Each line containing the word "Schriftfelder" must be copied from the material below.

Top of Information given

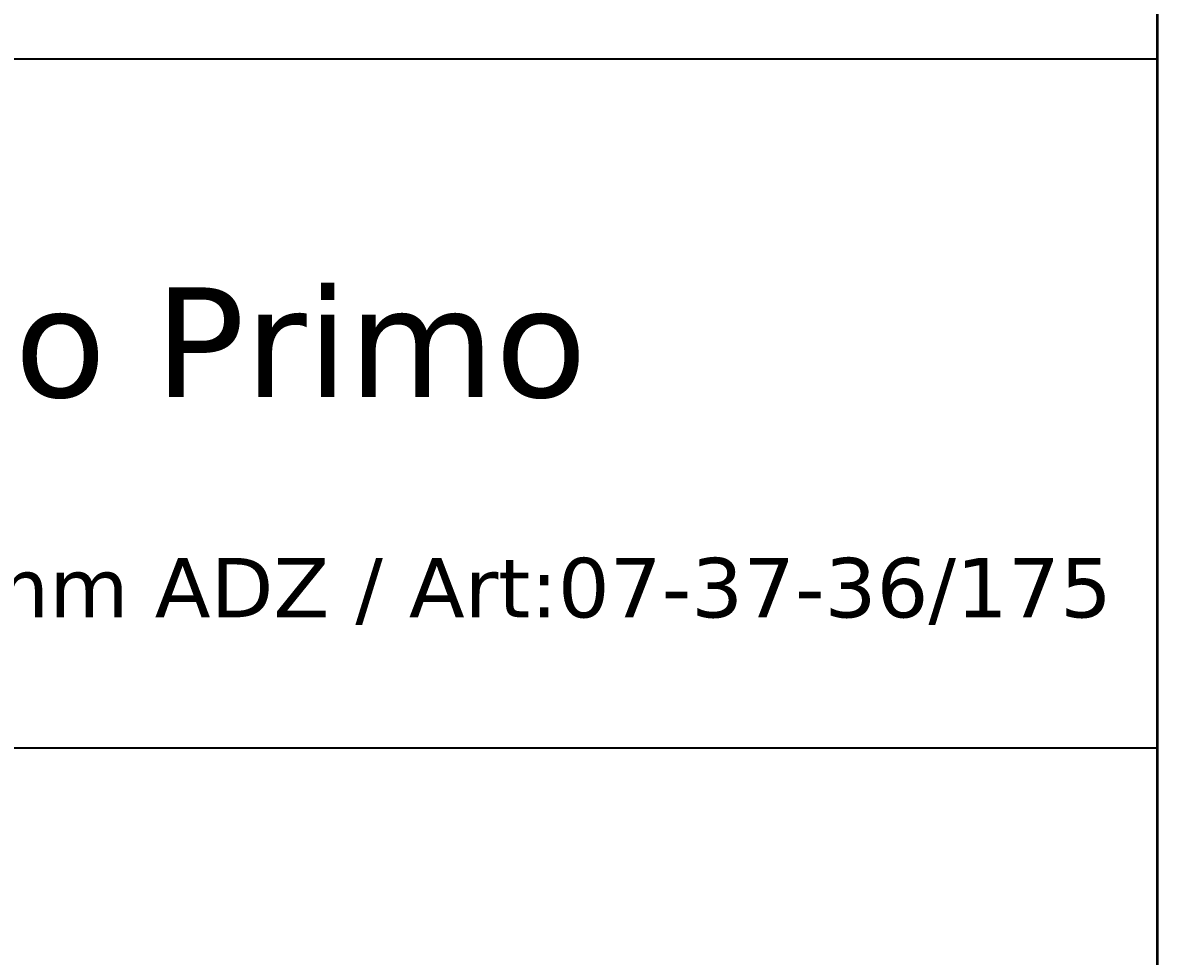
# Model space of a CAD drawing. Header units: millimetres. Extents: x 136 to 4000, y 200 to 5740.
# Drawn here: x 3276 to 4000, y 845 to 1441 of the extents above; entities that cross this region are included whole.
import ezdxf
from ezdxf.enums import TextEntityAlignment as Align

# ---------------------------------------------------------------- set-up
doc = ezdxf.new("R2010")
doc.units = ezdxf.units.MM
doc.header["$LTSCALE"] = 20
for name, color, linetype, lineweight in [('AM_BOR', 7, 'Continuous', 25), ('Rahmen (ISO)', 7, 'Continuous', 35), ('Titel (ISO)', 7, 'Continuous', 50)]:
    doc.layers.add(name, color=color, linetype=linetype, lineweight=lineweight)
doc.styles.add('Notiztext (DIN)', font='verdana.ttf')
doc.styles.get("Standard").update_dxf_attribs({"font": 'verdana.ttf'})
doc.styles.add('Textstil49', font='verdana.ttf')
doc.styles.add('Textstil64', font='verdana.ttf', dxfattribs={"width": 0.800000011920929})

# ---------------------------------------------------------------- blocks, each defined once
blk = doc.blocks.new('Ränder Wedi_hoch')
at = {"layer": 'Rahmen (ISO)'}
blk.add_line((200, 287), (200, 10), dxfattribs=at)
blk = doc.blocks.new('Schriftfelder wedi_zeichnung')
at = {"layer": 'AM_BOR', "color": 7}
for p, q in [((-4.835435851690238, 61.14550874341795), (-188.8354355670838, 61.14550874341799)), ((-4.835435851690267, 0.245508743417977), (-4.835435851690238, 61.14550874341795)), ((-188.8354355670839, 39.14550874341798), (-4.835435851690271, 39.14550874341796))]:
    blk.add_line(p, q, dxfattribs=at)
at = {"layer": 'AM_BOR', "color": 7, "style": 'Textstil49'}
for tag, p in [('KOM_001', (-173.1316074875946, 56.07499164210053)), ('ELE_001', (-65.99957234982935, 50.35319851016845))]:
    blk.add_attdef(tag, p, '', height=3.499999940395355, dxfattribs=at)
at = {"layer": 'AM_BOR', "color": 7}
for tag, p in [('KU_001', (-145.0923193800648, 51.14550874341798)), ('BV_001', (-145.0923193800648, 46.14550874341798))]:
    blk.add_attdef(tag, p, '', height=2.5, dxfattribs=at)
blk.add_attdef('BV2', text='', height=2.5, dxfattribs=at).set_placement((-144.7282352959334, 43.64550874341793), align=Align.TOP_LEFT)
at = {"layer": 'AM_BOR', "color": 7, "style": 'Textstil64', "width": 0.8}
for tag, p in [('ERSTELLUNGSDATUM_001', (-115.1472556346321, 30.39550873497786)), ('KONSTRUKTEUR_001', (-93.98674546601238, 30.41632807053269)), ('ERSTELLUNGSDATUM_001', (-115.1472556346321, 25.09550873497786)), ('KONSTRUKTEUR_001', (-93.98674546601238, 25.11632807053268))]:
    blk.add_attdef(tag, p, '', height=2.000000029802322, dxfattribs=at)
at = {"layer": 'AM_BOR', "color": 7, "style": 'Textstil64', "width": 0.7999999523162842}
for tag, p in [('KONTROLLDATUM', (-108.7354355670838, 20.39550874341796)), ('KONTROLLIERT_VON', (-92.73543585169028, 20.39550874341796))]:
    blk.add_attdef(tag, text='', height=2.000000029802322, dxfattribs=at).set_placement(p, align=Align.MIDDLE_CENTER)
at = {"layer": 'Titel (ISO)', "insert": (-44.43543585169024, 44.14550874341796), "char_height": 1.899999976158142, "attachment_point": 5, "style": 'Notiztext (DIN)'}
blk.add_mtext('\\fVerdana|b0|i0;\\H1.9000; dimension: 1500 x 1500 x 40 mm ADZ / Art:07-37-36/175 ', dxfattribs=at)

msp = doc.modelspace()

# ---------------------------------------------------------------- block references
at = {"xscale": 20, "yscale": 20, "zscale": 20}
msp.add_blockref('Ränder Wedi_hoch', (0, 0), dxfattribs=at)
ref = msp.add_blockref('Schriftfelder wedi_zeichnung', (4096.708717033805, 195.0898251316408), dxfattribs=dict(xscale=20, yscale=20, zscale=20))
ref.add_attrib('ELE_001', 'wedi Fundo Primo', (2776.717270037218, 1202.15379533501), dxfattribs={"layer": 'AM_BOR', "color": 7, "height": 69.9999988079071, "style": 'Textstil49'})

doc.saveas('drawing.dxf')

Bottom of Information given

§ **Solution to this problem**:
blk = doc.blocks.new('Schriftfelder wedi_zeichnung')
ref = msp.add_blockref('Schriftfelder wedi_zeichnung', (4096.708717033805, 195.0898251316408), dxfattribs=dict(xscale=20, yscale=20, zscale=20))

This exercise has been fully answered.